Today an article on teaching and managing difficult students popped up on my Facebook news feed. It was written by Amy Murray, an early childhood educator in Canada, and posted on her blog Miss Night’s Marbles. The post is an open letter to parents, concerned about ‘that’ kid in their child’s class – the ‘naughty’ child, the one who kicks and screams, the one parents are worried is preventing their child from getting the best education and proper level of attention from the teacher. I highly recommend reading the full article here.
As a nurse, this article resonated with me. As I read it, I couldn’t stop my mind from swapping teacher and student with nurse and patient. In nursing, we often have ‘that’ patient; the one who is confused or agitated, the one who yells or cries out, the one who takes up most of the nurse’s time. These patients can disturb others in the room, or even the rest of the ward, disrupting sleep, interrupting cares and causing stress and anxiety.
As nurses, we do our best to try and calm these patients. We investigate the causes of their behaviour. We look for unmet needs. We try to accommodate them in single rooms. We work with the medical team to decide if one-on-one nursing is required. We consult with specialists as to the best way to care for the patient and keep them safe. Unfortunately though, there is a limit as to what we can do.
A few months ago, I was caring for an older patient (let’s call her Jane) who was very agitated. She was confused, pulling at her IV lines and her continual crying out for her family had kept most of the ward awake the previous night. Jane was extremely unsteady on her feet, yet would keep wandering around the room unaided, and as such was at a very high risk of falling. There was no single room available and the medical team did not think she needed one-on-one care. As the team leader on the ward, I made the decision to move Jane to a room closer to the nurses’ station, to allow not only for closer observation, but also so we could hear any movements or disturbances easier.
Before moving Jane, I thought it best to let the other patients in that room know what was happening and my plans for Jane to join them. I was not prepared for what happened next. The other patients in the room hit the roof. They yelled and swore at me, telling me in no uncertain terms that Jane was not welcome and asking why they should have to ‘put up with her’. I apologised to them for the disruption and tried to calm them down, going through why it was necessary to move Jane for her safety, offering to find them ear-plugs to help them sleep, explaining that her family had agreed to stay with Jane until she fell asleep that night. They weren’t interested.

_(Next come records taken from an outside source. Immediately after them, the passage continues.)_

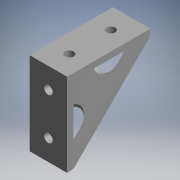
# Autodesk Inventor part: 40-4336 Aluminum
Saved by Autodesk Inventor 2017.3 (Build 213256000, 256)
## iProperties
Part Number: 40-4336 Aluminum
Material: Generic
Catalog Web Link: www.cadenas.de
Description: 25-4136, 40-4336, 30-4366, 45-4366, 25-4136-Black, 40-4336-Black, 30-4366-Black, 45-4366-Black-4 Hole Inside Gusset Corner Bracket
Vendor: 8020
Document SubType Name: Modeling
Designer: partserver
Manufacturer: 8020
Mass: 47.0397 g
Surface Area: 201.138 cm^2
Volume: 47.0397 cm^3
Density: 1 g/cm^3
Appearance: PSOLRGB-191-191-191
Category: PARTsolutions
Company: 8020
Title: 40-4336
Author: Cadenas PARTsolutions
Comments: 4 Hole Inside Gusset Corner Bracket
PSOL_IDENT_0: {$CADENAS_DATA\23d-libs\8020\metric\joining_plates\25_4136.prj},242 {VTYP=3D},{NB=40-4336},{LINA=40-
PSOL_IDENT_1: 4336},{NN=25-4136, 40-4336, 30-4366, 45-4366, 25-4136-Black, 40-4336-Black, 30-4366-Black, 45-4366-B
PSOL_IDENT_2: lack},{DATE=31.07.2020 09:21:28},{GEOMDATE=11.01.2019 21:53:00},{VERSION=},{LINEID=20},{WBVAR=},{WBN
PSOL_IDENT_3: UMERIC=}  {NB=40-4336},{LINA=40-4336},{KT=DUMMY},{PN=40-4336},{SERIES=40},{MATERIAL=Aluminum},{GRADE=
PSOL_IDENT_4: 6105-T5},{FINISH=Clear Anodize},{A=36.00},{B=80.00},{C=80.00},{D=20.00},{E=20.00},{F=8.33},{G=40.00}
PSOL_IDENT_5: ,{T=6.00},{W=.125},{C1=60.000},{C2=20.000},{C3=20.000},{D1=6.000},{COLOR=.75,.75,.75}
NB: 40-4336
NN: 25-4136, 40-4336, 30-4366, 45-4366, 25-4136-Black, 40-4336-Black, 30-4366-Black, 45-4366-Black
NT: 4 Hole Inside Gusset Corner Bracket
NBSYN: $PN.
LINA: 40-4336
CATALOG: 80/20
PN: 40-4336
SERIES: 40
MATERIAL: Aluminum
GRADE: 6105-T5
FINISH: Clear Anodize
A: 36
B: 80
C: 80
D: 20
E: 20
F: 8.33
G: 40
T: 6
W: .125
SUPPLIER: 8020
ARTICLENO: 40-4336
BOMINFO: 40-4336
CREATOR: CADENAS GmbH
Autodesk Inventor part; units mm, degrees
ref_plane "YZ Plane" through (0, 0, 0) normal (1, 0, 0) x (0, 1, 0)
ref_plane "XZ Plane" through (0, 0, 0) normal (0, 1, 0) x (-1, 0, 0)
ref_plane "XY Plane" through (0, 0, 0) normal (0, 0, 1) x (1, 0, 0)
sketch "Sketch_1" plane through (0, 0, 0) normal (1, 0, 0) x (0, 1, 0)
  line L0 (3.5147, 80) -> (0, 80)
  line L1 (0, 80) -> (0, 0)
  line L2 (0, 0) -> (80, 0)
  line L3 (80, 0) -> (80, 3.5147)
  arc A0 (80, 3.5147) -> (78.2426, 7.7574) centre (74, 3.5147) ccw
  line L4 (78.2426, 7.7574) -> (7.7574, 78.2426)
  arc A1 (7.7574, 78.2426) -> (3.5147, 80) centre (3.5147, 74) ccw
  line L5 (6, 71.5147) -> (6, 6)
  line L6 (6, 6) -> (71.5147, 6)
  line L7 (71.5147, 6) -> (6, 71.5147)
  constraints: 16 end point, 4 point on circle, 2 centre point
extrude "Extrusion1" add sketch "Sketch_1" along normal mid plane 36
sketch "Sketch2" plane through (-18, 0, 0) normal (0, -1, 0) x (1, 0, 0)
  point P0 (18, 20)
hole "Hole1" at (0, 0, 20) direction (0, 1, 0) diameter 8.33 depth 6
sketch "Sketch3" plane through (18, 80, 0) normal (0, 0, -1) x (-1, 0, 0)
  point P0 (18, -60)
hole "Hole2" at (0, 20, 0) direction (0, 0, 1) diameter 8.33 depth 6
sketch "Sketch_4" plane through (0, 0, 80) normal (0, 0, 1) x (1, 0, 0)
  circle A0 centre (0, 20) radius 10
  constraints: 1 centre point
extrude "Extrusion2" cut sketch "Sketch_4" against normal blind 74
sketch "Sketch_5" plane through (0, 80, 0) normal (0, 1, 0) x (1, 0, 0)
  circle A0 centre (0, -20) radius 10
  constraints: 1 centre point
extrude "Extrusion3" cut sketch "Sketch_5" against normal blind 74
sketch "Sketch6" plane through (18, 80, 0) normal (0, 0, -1) x (-1, 0, 0)
  point P0 (18, -20)
hole "Hole3" at (0, 60, 0) direction (0, 0, 1) diameter 8.33 depth 6
sketch "Sketch7" plane through (-18, 0, 0) normal (0, -1, 0) x (1, 0, 0)
  point P0 (18, 60)
hole "Hole4" at (0, 0, 60) direction (0, 1, 0) diameter 8.33 depth 6
sketch "Sketch_8" plane through (0, 0, 80) normal (0, 0, 1) x (1, 0, 0)
  circle A0 centre (0, 60) radius 10
  constraints: 1 centre point
extrude "Extrusion4" cut sketch "Sketch_8" against normal blind 74
sketch "Sketch_9" plane through (0, 80, 0) normal (0, 1, 0) x (1, 0, 0)
  circle A0 centre (0, -60) radius 10
  constraints: 1 centre point
extrude "Extrusion5" cut sketch "Sketch_9" against normal blind 74
body "Solid1"
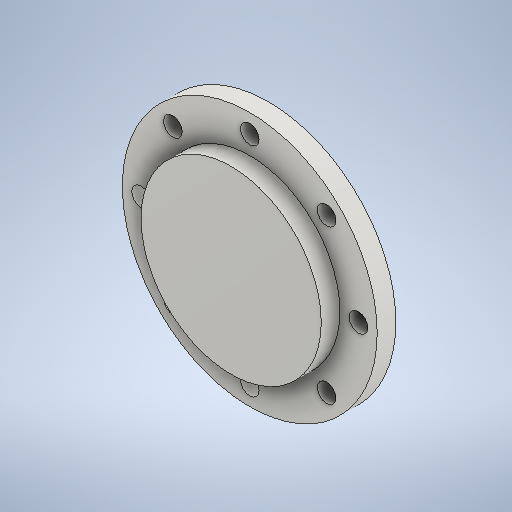
# Autodesk Inventor part: 07 CYLINDER FRONT COVER
Saved by Autodesk Inventor 2025.2 (Build 292293000, 293)
## iProperties
Created: 2025-05-29
Part Number: 07 CYLINDER FRONT COVER
Material: Steel AISI 1020 107 HR
Document SubType Name: Modeling
Designer: bless
Density: 7.87 g/cm^3
Appearance: Steel
Author: bless
Autodesk Inventor part; units mm, degrees
ref_plane "YZ Plane" through (0, 0, 0) normal (1, 0, 0) x (0, 1, 0)
ref_plane "XZ Plane" through (0, 0, 0) normal (0, 1, 0) x (-1, 0, 0)
ref_plane "XY Plane" through (0, 0, 0) normal (0, 0, 1) x (1, 0, 0)
sketch "Sketch1" plane through (0, 0, 0) normal (0, 0, 1) x (1, 0, 0)
  circle A0 centre (0, 0) radius 20.5
  dimension "d0" = 41
  constraints: 1 centre point, 1 coincident
  measures "d0" diameter of A0
extrude "Extrusion1" add sketch "Sketch1" along normal blind 3
sketch "Sketch2" plane through (0, 0, 3) normal (0, 0, 1) x (1, 0, 0)
  circle A0 centre (0, 0) radius 20.5 projected
  circle A1 centre (0, 0) radius 14.5
  dimension "d3" = 29
  constraints: 1 centre point, 1 coincident
  measures "d3" diameter of A1
extrude "Extrusion2" add sketch "Sketch2" along normal blind 3 contours A1
sketch "Sketch3" plane through (0, 0, 0) normal (0, 0, -1) x (-1, 0, 0)
  circle A0 centre (0, 0) radius 20.5 projected
  circle A1 centre (0, 0) radius 14.5
  dimension "d6" = 29
  constraints: 1 centre point, 1 coincident
  measures "d6" diameter of A1
extrude "Extrusion3" add sketch "Sketch3" along normal blind 2 contours A1
sketch "Sketch4" plane through (0, 0, 3) normal (0, 0, 1) x (1, 0, 0)
  circle A0 centre (0, 0) radius 14.5 projected
  circle A1 centre (0, 0) radius 20.5 projected
  circle A2 centre (0, 0) radius 17.5
  circle A3 centre (0, 17.5) radius 1.5
  circle A4 centre (-12.3744, 12.3744) radius 1.5
  circle A5 centre (-17.5, 0) radius 1.5
  circle A6 centre (-12.3744, -12.3744) radius 1.5
  circle A7 centre (0, -17.5) radius 1.5
  circle A8 centre (12.3744, -12.3744) radius 1.5
  circle A9 centre (17.5, 0) radius 1.5
  circle A10 centre (12.3744, 12.3744) radius 1.5
  dimension "d9" = 35
  dimension "d10" = 3
  dimension "d13" = 360
  constraints: 8 centre point, 2 vertical alignment, 1 coincident, 19 other
  measures "d10" diameter of A3
extrude "Extrusion4" cut sketch "Sketch4" against normal through all contours A2 A9 | A2 A9 | A10 A2 | A2 A10 | A8 A2 | A2 A8 | A3 A2 | A2 A3 | A7 A2 | A2 A7 | A4 A2 | A2 A4 | A6 A2 | A2 A6 | A5 A2 | A2 A5
body "Solid1"

Their replies ranged from ‘just knock her out with some drugs’ to ‘I’m not going to stay here and put up with this’. Again, I apologised and clarified that restraints, both physical and chemical, can do more harm than good and as such are a last resort only. I explained the suitable single room was occupied by an infectious patient, limiting my options. I agreed that it was not the best situation, but that I had to work within the limits of the system. I assured them that I would do my best to keep Jane calm and to minimise disturbances. Again, they weren’t interested.
At a loss as to what else I could say, I simply resorted to the line “there but by the grace of god go I” and yes took them all on a bit of an emotional guilt trip, posing the questions “What if Jane was your mum or your nan? How would you feel if she was treated this way?” Begrudgingly, after this talk, they accepted Jane coming into the room.
What I couldn’t say to them was that Jane had dementia that was complicated by an acute delirium. I couldn’t tell them that Jane had only just moved into a high care residential facility, and she was struggling to adjust to this change. I couldn’t tell them that Jane’s family were emotionally exhausted from watching their mother slowly fade away and the despair they felt knowing she was calling out for them to come and get her.
Situations like Jane’s happen often, but as nurses, we are bound by law and our professional codes to protect the privacy of our patients. This means that I cannot share with you why patients might act a certain way. I cannot tell you the young man had a traumatic brain injury and this has affected his behaviour. I cannot tell you that the woman in the bed next to you is an IV drug user with a history of alcohol abuse, and her agitation is due to withdrawal. I cannot tell you that the old man who constantly yells out swear words, had a stroke three years ago, before which his family says he never swore once. I cannot tell you the patient who just threw the water jug at the window comes from a residential mental health facility. While I know if I did tell you this information, you may be more understanding and forgiving of ‘that’ patient, I will keep it to myself, just as I do your information.
Nurses recognise that these are not ideal environments for rest and recovery, and please know that we all too well understand your frustrations, but we must work within the constraints of our healthcare system. A lot of patience and a little understanding from other patients, and their families, make the job a lot easier.
As for Jane, once again I wasn’t prepared for what happened. The other three patients in the room, all middle-aged men, took Jane under their wing. They kind of adopted her; looking out for her, buzzing for the nurses when they were worried she was uncomfortable, and helping her when she needed little things. One patient would often sit by her bed, pretending to be the son she kept calling out for, holding her hand and saying ‘don’t worry mum, I’m here’. I’m not sure those men will ever truly know how much they helped Jane over the next few days, or the how grateful Jane’s family were for how they made Jane feel safe and secure. I know that I will never forget the kindness they showed to ‘that’ patient.